-
Notifications
You must be signed in to change notification settings - Fork 3.8k
Open
Description
Description
- Propose a configurable startup strategy that eagerly loads only recent (“hot”) segments, while leaving older (“cold”) segments to load lazily on first access.
- Propose to deprecate druid.segmentCache.lazyLoadOnStart in favour for configs that gives more flexibility to historical's segment cache loading during startup.
Motivation
- Non-lazy segment loading takes long if Historical segment count is high (observed ~22 minutes per Historical; ~39 hours cluster-wide).
- Lazy-loading improves startup time but initial queries over hot data can be slow.

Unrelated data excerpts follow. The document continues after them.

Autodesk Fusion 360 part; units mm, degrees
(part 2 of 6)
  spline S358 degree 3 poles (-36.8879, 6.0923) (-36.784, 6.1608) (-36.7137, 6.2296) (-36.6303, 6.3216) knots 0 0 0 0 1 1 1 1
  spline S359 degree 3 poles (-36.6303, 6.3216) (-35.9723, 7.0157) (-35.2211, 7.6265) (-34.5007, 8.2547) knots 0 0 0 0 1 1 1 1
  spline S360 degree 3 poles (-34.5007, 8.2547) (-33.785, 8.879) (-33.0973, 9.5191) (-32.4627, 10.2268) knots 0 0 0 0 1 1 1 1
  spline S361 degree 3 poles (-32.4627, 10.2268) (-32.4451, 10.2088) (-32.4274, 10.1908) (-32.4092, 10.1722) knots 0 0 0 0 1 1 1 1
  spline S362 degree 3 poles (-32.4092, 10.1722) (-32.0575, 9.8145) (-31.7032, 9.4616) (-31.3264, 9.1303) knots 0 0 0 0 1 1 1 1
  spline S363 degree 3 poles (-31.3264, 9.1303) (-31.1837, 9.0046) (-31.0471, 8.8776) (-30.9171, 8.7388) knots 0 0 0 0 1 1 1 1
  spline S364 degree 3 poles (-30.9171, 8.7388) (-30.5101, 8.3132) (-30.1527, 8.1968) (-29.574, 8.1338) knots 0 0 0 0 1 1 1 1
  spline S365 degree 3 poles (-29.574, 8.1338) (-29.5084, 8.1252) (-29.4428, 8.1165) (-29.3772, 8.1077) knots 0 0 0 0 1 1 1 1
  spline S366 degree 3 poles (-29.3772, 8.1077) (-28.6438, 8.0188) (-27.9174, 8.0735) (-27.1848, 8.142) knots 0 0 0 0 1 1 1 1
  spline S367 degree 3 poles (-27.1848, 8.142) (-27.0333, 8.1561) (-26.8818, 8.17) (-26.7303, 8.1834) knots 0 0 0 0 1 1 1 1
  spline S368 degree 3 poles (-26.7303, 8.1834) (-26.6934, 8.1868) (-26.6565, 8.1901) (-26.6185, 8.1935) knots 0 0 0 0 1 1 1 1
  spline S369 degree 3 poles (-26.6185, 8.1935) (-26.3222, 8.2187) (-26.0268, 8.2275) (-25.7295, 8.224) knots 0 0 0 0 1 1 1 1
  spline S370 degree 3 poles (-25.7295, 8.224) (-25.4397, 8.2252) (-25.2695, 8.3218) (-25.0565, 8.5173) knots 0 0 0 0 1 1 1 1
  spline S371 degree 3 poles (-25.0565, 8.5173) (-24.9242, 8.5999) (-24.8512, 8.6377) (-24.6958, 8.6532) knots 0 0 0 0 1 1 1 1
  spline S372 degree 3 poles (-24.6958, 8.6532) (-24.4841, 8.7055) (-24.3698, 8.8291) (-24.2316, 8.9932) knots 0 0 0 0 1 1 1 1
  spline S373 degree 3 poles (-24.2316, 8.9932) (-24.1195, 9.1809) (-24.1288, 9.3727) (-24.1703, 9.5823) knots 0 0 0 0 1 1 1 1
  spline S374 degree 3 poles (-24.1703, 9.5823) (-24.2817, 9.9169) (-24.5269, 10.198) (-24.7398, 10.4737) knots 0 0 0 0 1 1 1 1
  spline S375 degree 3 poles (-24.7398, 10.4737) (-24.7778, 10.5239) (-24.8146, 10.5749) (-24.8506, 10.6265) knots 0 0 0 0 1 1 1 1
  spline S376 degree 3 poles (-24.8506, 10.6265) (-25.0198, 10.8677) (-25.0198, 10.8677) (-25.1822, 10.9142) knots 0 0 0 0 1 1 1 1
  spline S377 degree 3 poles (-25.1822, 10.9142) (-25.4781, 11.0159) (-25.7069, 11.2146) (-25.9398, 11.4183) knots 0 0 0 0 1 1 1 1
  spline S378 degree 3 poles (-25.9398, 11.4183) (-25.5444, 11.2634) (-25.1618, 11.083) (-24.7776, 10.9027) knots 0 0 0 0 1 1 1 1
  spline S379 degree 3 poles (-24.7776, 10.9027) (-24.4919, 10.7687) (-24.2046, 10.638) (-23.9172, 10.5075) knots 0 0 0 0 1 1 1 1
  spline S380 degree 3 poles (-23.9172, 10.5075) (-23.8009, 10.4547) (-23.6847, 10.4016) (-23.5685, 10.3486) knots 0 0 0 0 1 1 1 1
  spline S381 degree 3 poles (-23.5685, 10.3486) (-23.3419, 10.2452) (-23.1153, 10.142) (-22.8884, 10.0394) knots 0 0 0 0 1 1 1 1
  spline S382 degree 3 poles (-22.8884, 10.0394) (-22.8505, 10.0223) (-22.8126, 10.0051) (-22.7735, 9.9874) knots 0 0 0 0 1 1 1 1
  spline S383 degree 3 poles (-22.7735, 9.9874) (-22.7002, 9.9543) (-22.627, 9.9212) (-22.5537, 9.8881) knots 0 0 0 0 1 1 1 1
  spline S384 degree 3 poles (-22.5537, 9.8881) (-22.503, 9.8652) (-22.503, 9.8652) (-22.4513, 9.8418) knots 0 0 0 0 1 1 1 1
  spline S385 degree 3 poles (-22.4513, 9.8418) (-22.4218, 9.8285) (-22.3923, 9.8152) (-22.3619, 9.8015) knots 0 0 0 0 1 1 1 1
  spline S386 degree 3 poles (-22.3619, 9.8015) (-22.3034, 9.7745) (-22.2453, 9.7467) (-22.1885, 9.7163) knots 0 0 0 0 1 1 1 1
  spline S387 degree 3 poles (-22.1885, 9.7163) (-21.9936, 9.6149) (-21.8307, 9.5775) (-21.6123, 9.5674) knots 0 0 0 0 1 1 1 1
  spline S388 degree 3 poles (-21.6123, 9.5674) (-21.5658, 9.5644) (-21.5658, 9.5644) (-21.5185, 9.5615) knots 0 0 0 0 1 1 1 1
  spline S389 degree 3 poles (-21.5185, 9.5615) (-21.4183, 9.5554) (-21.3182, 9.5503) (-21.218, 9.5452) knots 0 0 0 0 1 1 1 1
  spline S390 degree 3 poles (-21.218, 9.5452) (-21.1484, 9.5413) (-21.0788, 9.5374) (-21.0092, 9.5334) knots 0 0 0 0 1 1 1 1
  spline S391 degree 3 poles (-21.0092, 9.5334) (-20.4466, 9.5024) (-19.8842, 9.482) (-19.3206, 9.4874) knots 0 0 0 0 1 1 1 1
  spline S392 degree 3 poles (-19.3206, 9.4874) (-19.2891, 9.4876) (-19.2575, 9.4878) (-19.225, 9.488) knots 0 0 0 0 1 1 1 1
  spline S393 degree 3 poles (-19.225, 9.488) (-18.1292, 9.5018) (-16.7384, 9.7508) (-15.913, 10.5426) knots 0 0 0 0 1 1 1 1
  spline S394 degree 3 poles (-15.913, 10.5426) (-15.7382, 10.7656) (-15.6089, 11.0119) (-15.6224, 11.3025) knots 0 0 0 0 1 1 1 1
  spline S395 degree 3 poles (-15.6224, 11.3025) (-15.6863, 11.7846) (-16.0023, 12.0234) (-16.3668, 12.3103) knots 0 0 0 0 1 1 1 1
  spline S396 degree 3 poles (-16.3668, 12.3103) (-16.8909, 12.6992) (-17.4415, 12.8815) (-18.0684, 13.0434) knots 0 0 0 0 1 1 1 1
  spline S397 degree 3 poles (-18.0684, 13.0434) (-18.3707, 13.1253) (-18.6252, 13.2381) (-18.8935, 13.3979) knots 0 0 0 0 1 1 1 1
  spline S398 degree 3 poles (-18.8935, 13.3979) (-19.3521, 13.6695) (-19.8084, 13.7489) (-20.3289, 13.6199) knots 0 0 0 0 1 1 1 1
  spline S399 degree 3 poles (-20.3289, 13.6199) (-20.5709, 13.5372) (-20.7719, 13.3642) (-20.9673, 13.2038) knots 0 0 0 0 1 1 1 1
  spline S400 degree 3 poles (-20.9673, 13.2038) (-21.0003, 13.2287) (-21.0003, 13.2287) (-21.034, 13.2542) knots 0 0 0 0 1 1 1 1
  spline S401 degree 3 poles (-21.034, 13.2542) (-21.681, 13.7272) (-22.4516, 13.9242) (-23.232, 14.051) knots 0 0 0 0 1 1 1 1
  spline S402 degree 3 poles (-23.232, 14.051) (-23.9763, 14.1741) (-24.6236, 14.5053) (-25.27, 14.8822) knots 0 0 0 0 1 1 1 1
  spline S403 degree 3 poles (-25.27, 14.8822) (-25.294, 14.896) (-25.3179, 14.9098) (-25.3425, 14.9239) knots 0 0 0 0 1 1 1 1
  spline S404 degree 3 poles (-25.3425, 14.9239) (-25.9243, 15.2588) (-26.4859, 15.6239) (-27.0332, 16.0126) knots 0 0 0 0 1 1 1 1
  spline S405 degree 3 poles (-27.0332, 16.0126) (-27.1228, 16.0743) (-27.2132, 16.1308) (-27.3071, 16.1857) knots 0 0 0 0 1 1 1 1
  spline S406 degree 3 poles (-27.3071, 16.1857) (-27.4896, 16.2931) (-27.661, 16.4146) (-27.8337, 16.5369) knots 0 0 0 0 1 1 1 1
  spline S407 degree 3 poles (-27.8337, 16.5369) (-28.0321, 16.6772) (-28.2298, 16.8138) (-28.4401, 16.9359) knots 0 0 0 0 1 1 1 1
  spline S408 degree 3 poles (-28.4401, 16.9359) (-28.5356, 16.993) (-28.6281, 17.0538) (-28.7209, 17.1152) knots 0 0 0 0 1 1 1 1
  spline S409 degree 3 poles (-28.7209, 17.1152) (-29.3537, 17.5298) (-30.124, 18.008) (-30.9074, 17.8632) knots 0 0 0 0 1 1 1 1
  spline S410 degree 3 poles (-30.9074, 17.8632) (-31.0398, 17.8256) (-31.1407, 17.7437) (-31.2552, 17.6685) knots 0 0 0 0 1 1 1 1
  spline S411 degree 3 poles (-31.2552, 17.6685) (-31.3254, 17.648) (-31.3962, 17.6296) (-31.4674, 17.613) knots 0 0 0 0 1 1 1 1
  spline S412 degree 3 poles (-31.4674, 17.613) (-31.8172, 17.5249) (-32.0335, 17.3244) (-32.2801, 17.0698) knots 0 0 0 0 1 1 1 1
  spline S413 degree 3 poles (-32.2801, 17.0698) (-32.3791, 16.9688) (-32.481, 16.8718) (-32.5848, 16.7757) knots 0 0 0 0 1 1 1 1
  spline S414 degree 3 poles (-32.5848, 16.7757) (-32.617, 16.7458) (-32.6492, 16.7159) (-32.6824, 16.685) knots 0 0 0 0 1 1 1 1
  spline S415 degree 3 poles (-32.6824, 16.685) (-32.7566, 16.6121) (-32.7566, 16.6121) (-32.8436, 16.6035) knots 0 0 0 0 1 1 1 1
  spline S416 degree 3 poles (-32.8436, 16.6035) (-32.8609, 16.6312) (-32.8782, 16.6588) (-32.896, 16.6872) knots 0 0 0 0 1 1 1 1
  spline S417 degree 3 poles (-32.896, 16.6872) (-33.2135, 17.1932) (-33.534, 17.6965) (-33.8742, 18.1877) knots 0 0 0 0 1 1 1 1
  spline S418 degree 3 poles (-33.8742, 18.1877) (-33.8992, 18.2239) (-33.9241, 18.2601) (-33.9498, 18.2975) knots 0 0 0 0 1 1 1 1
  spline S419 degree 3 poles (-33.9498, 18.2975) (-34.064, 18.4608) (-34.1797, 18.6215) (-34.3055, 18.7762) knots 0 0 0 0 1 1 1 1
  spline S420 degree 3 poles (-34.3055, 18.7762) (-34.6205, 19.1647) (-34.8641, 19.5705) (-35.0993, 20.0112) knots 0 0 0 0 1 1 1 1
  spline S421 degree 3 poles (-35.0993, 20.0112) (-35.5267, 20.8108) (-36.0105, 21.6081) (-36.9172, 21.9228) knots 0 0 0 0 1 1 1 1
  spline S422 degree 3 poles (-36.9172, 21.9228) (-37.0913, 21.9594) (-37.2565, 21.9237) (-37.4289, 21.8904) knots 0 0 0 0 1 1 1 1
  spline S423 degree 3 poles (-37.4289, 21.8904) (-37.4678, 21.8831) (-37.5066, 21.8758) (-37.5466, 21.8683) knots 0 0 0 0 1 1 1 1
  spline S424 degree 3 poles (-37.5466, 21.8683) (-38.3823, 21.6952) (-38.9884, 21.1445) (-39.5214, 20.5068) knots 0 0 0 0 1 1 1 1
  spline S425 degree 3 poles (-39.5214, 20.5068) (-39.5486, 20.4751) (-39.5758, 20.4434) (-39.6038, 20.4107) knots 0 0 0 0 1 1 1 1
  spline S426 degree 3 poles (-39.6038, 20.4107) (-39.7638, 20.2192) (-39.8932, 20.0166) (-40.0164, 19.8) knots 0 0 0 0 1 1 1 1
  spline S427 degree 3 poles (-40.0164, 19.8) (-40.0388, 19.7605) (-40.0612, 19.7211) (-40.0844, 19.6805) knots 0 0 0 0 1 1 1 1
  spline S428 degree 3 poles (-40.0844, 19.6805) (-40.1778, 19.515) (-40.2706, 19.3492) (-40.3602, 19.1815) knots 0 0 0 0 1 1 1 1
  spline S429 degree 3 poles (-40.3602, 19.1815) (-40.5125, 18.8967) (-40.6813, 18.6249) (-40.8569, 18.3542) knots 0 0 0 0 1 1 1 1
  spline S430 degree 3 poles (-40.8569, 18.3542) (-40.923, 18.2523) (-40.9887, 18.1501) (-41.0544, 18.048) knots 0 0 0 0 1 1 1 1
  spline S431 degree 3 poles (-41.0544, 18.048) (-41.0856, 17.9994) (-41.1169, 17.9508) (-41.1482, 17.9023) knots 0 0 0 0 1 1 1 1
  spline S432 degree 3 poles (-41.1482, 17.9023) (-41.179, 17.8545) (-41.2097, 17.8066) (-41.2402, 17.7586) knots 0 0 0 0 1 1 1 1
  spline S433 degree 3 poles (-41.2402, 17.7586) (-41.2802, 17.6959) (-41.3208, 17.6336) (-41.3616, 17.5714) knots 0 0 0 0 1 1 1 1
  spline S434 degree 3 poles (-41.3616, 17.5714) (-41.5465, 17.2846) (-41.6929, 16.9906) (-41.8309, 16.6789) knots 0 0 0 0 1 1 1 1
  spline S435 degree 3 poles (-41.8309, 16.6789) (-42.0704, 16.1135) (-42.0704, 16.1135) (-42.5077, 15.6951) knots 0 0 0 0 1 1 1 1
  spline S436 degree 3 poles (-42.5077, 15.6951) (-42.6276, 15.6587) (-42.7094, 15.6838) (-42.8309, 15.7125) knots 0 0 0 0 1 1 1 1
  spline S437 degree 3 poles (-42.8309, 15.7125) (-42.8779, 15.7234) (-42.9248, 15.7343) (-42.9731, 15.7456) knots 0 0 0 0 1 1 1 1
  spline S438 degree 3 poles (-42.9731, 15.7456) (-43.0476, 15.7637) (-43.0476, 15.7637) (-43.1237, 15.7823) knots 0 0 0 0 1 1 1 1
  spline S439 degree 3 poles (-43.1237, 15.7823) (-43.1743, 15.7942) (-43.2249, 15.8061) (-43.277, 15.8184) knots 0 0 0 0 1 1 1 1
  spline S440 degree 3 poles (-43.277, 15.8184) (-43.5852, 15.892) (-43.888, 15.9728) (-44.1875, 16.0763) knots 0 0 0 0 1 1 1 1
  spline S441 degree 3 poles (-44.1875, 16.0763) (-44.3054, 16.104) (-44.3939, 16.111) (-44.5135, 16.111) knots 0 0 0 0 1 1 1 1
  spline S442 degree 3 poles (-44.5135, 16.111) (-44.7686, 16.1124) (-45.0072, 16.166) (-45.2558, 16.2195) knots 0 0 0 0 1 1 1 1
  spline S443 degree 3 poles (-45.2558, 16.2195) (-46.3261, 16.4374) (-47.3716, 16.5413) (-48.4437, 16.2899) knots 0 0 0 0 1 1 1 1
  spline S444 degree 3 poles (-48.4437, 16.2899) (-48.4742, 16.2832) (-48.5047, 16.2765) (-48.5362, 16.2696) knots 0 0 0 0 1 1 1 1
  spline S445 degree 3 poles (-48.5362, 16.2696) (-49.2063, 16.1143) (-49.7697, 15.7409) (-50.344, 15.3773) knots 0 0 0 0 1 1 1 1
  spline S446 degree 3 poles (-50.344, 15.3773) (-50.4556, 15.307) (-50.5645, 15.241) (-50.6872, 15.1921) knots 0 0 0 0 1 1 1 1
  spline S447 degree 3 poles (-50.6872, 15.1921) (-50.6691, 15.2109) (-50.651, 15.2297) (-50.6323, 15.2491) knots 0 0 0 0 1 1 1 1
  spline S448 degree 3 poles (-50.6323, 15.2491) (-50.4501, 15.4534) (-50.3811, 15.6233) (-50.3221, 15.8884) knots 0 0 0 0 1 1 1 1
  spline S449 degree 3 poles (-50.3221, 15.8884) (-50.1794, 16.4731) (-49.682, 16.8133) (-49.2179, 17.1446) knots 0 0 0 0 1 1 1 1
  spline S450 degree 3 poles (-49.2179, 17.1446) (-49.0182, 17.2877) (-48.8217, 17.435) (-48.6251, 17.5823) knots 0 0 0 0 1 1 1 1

- Many clusters primarily query the last N days/weeks; we can make that slice eager at startup to maintain query performance.
Proposal
Deprecate druid.segmentCache.lazyLoadOnStart in favor of a single strategy-driven config:
New: startupCacheLoadStrategy with options:
- loadLazily (all segments lazy)
- loadAllEagerly (all segments eager)
- loadEagerlyForPeriod (recent window eager, older lazy)
When loadEagerlyForPeriod is selected, require a loadPeriod config (ISO-8601 period, e.g., P7D, P30D).
Backward compatibility and migration
Keep reading druid.segmentCache.lazyLoadOnStart for at least a few more releases with a deprecation warning.
We can map true -> loadLazily, false -> loadAllEagerly.
Using the new startupCacheLoadStrategy overwrites the lazyLoadOnStart setting, [Optional: and a warning is logged if both settings are configured].
The pros of relying on the new config allows us to implement more load strategies that we want.
Config names are open for discussion, do drop some suggestions!